### SOURCE MATERIAL

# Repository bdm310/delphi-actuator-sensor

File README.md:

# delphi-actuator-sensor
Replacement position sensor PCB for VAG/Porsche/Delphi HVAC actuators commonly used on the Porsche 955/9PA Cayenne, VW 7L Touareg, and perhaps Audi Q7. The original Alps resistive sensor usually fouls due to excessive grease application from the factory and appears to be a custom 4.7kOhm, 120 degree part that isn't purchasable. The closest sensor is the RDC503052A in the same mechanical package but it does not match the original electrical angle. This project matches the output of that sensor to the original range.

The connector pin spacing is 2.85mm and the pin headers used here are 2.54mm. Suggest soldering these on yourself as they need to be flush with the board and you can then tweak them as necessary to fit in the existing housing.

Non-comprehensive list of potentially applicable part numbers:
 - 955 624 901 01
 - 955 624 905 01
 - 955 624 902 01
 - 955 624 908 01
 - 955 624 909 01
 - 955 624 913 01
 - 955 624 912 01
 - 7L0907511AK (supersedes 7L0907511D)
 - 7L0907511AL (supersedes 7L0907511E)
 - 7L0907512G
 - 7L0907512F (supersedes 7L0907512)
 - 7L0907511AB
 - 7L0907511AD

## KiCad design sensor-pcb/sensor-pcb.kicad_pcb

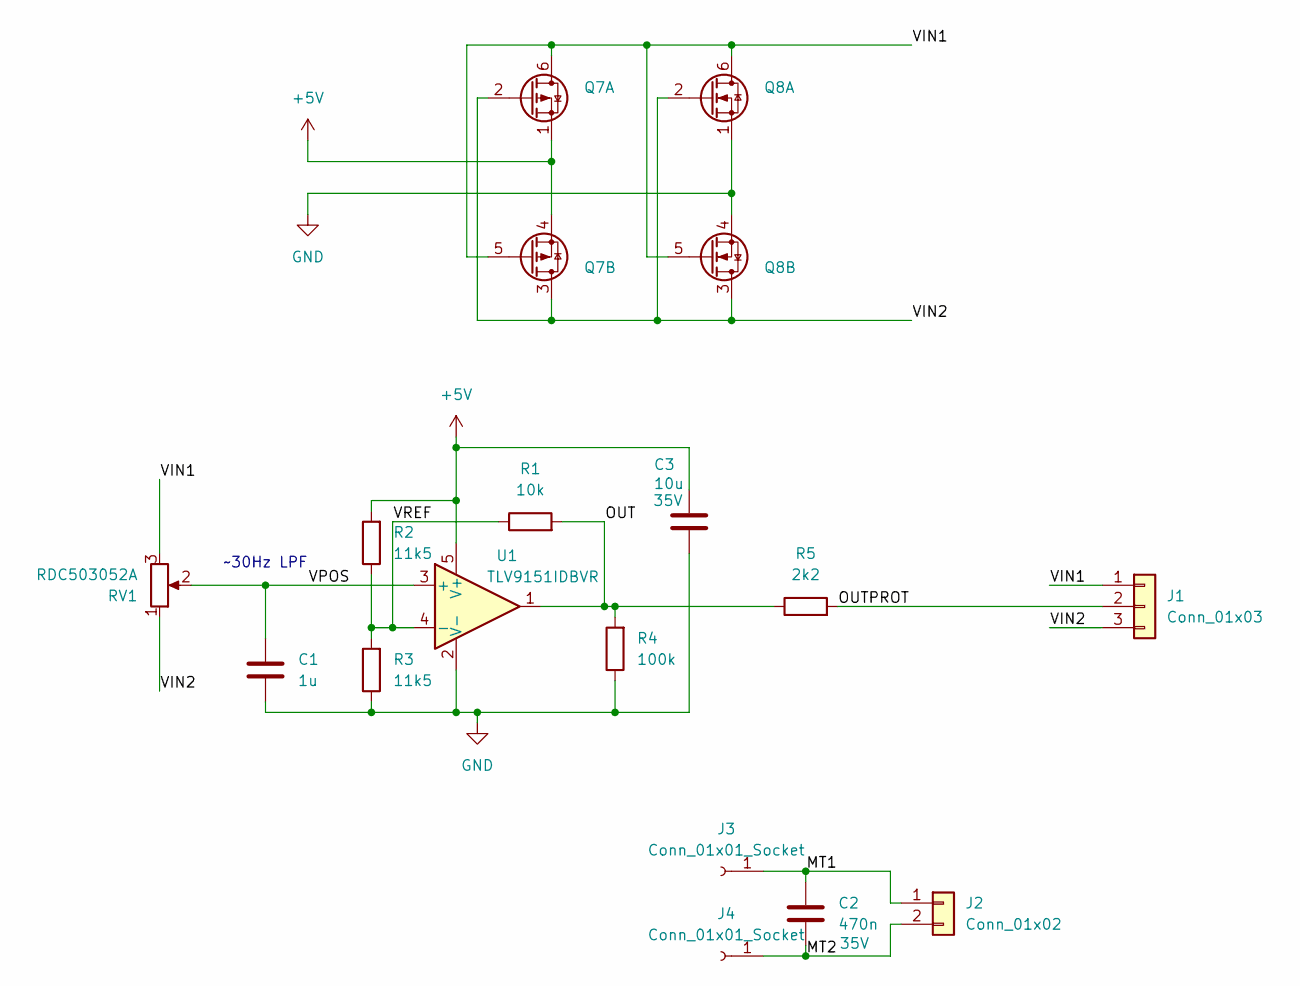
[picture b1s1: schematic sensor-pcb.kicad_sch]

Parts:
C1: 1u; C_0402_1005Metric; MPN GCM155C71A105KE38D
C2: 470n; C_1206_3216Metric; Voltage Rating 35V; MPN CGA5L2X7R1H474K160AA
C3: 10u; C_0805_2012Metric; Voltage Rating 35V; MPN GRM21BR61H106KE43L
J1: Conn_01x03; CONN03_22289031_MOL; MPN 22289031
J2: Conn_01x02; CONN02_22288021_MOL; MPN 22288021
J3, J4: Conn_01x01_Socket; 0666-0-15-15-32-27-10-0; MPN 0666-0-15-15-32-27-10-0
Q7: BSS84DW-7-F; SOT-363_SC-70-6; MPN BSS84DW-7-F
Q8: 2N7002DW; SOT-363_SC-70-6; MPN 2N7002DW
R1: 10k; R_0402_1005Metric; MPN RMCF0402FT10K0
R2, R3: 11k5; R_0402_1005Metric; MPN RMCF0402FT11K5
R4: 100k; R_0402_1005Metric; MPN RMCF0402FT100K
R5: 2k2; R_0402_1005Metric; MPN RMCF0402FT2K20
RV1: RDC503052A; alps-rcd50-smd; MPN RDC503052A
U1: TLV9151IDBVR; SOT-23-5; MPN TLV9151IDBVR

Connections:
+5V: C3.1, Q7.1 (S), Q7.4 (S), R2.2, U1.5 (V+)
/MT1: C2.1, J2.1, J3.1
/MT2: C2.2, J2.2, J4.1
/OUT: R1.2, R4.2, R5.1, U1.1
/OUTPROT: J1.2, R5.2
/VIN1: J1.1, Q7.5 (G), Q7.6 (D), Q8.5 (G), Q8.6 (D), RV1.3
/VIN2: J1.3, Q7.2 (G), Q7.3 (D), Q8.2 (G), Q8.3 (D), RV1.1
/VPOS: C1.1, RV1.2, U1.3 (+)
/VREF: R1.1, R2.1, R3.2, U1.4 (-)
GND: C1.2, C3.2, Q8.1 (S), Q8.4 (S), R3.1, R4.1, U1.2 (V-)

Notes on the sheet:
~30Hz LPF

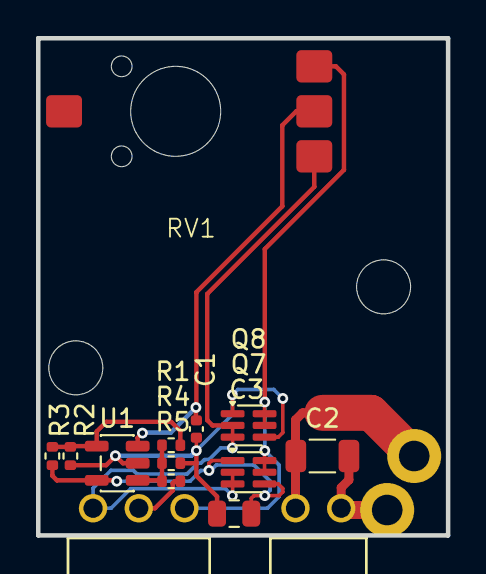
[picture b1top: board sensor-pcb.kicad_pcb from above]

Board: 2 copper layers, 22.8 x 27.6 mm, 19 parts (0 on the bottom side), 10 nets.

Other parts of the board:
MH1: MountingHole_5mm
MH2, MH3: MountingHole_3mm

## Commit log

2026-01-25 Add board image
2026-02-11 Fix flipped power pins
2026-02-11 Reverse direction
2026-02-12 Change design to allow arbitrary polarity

######

» **ACTION ITEM**: Find every line in the listing that has the string "sensor", then give the count by itself.

» **RESULT OF THE TASK**: 6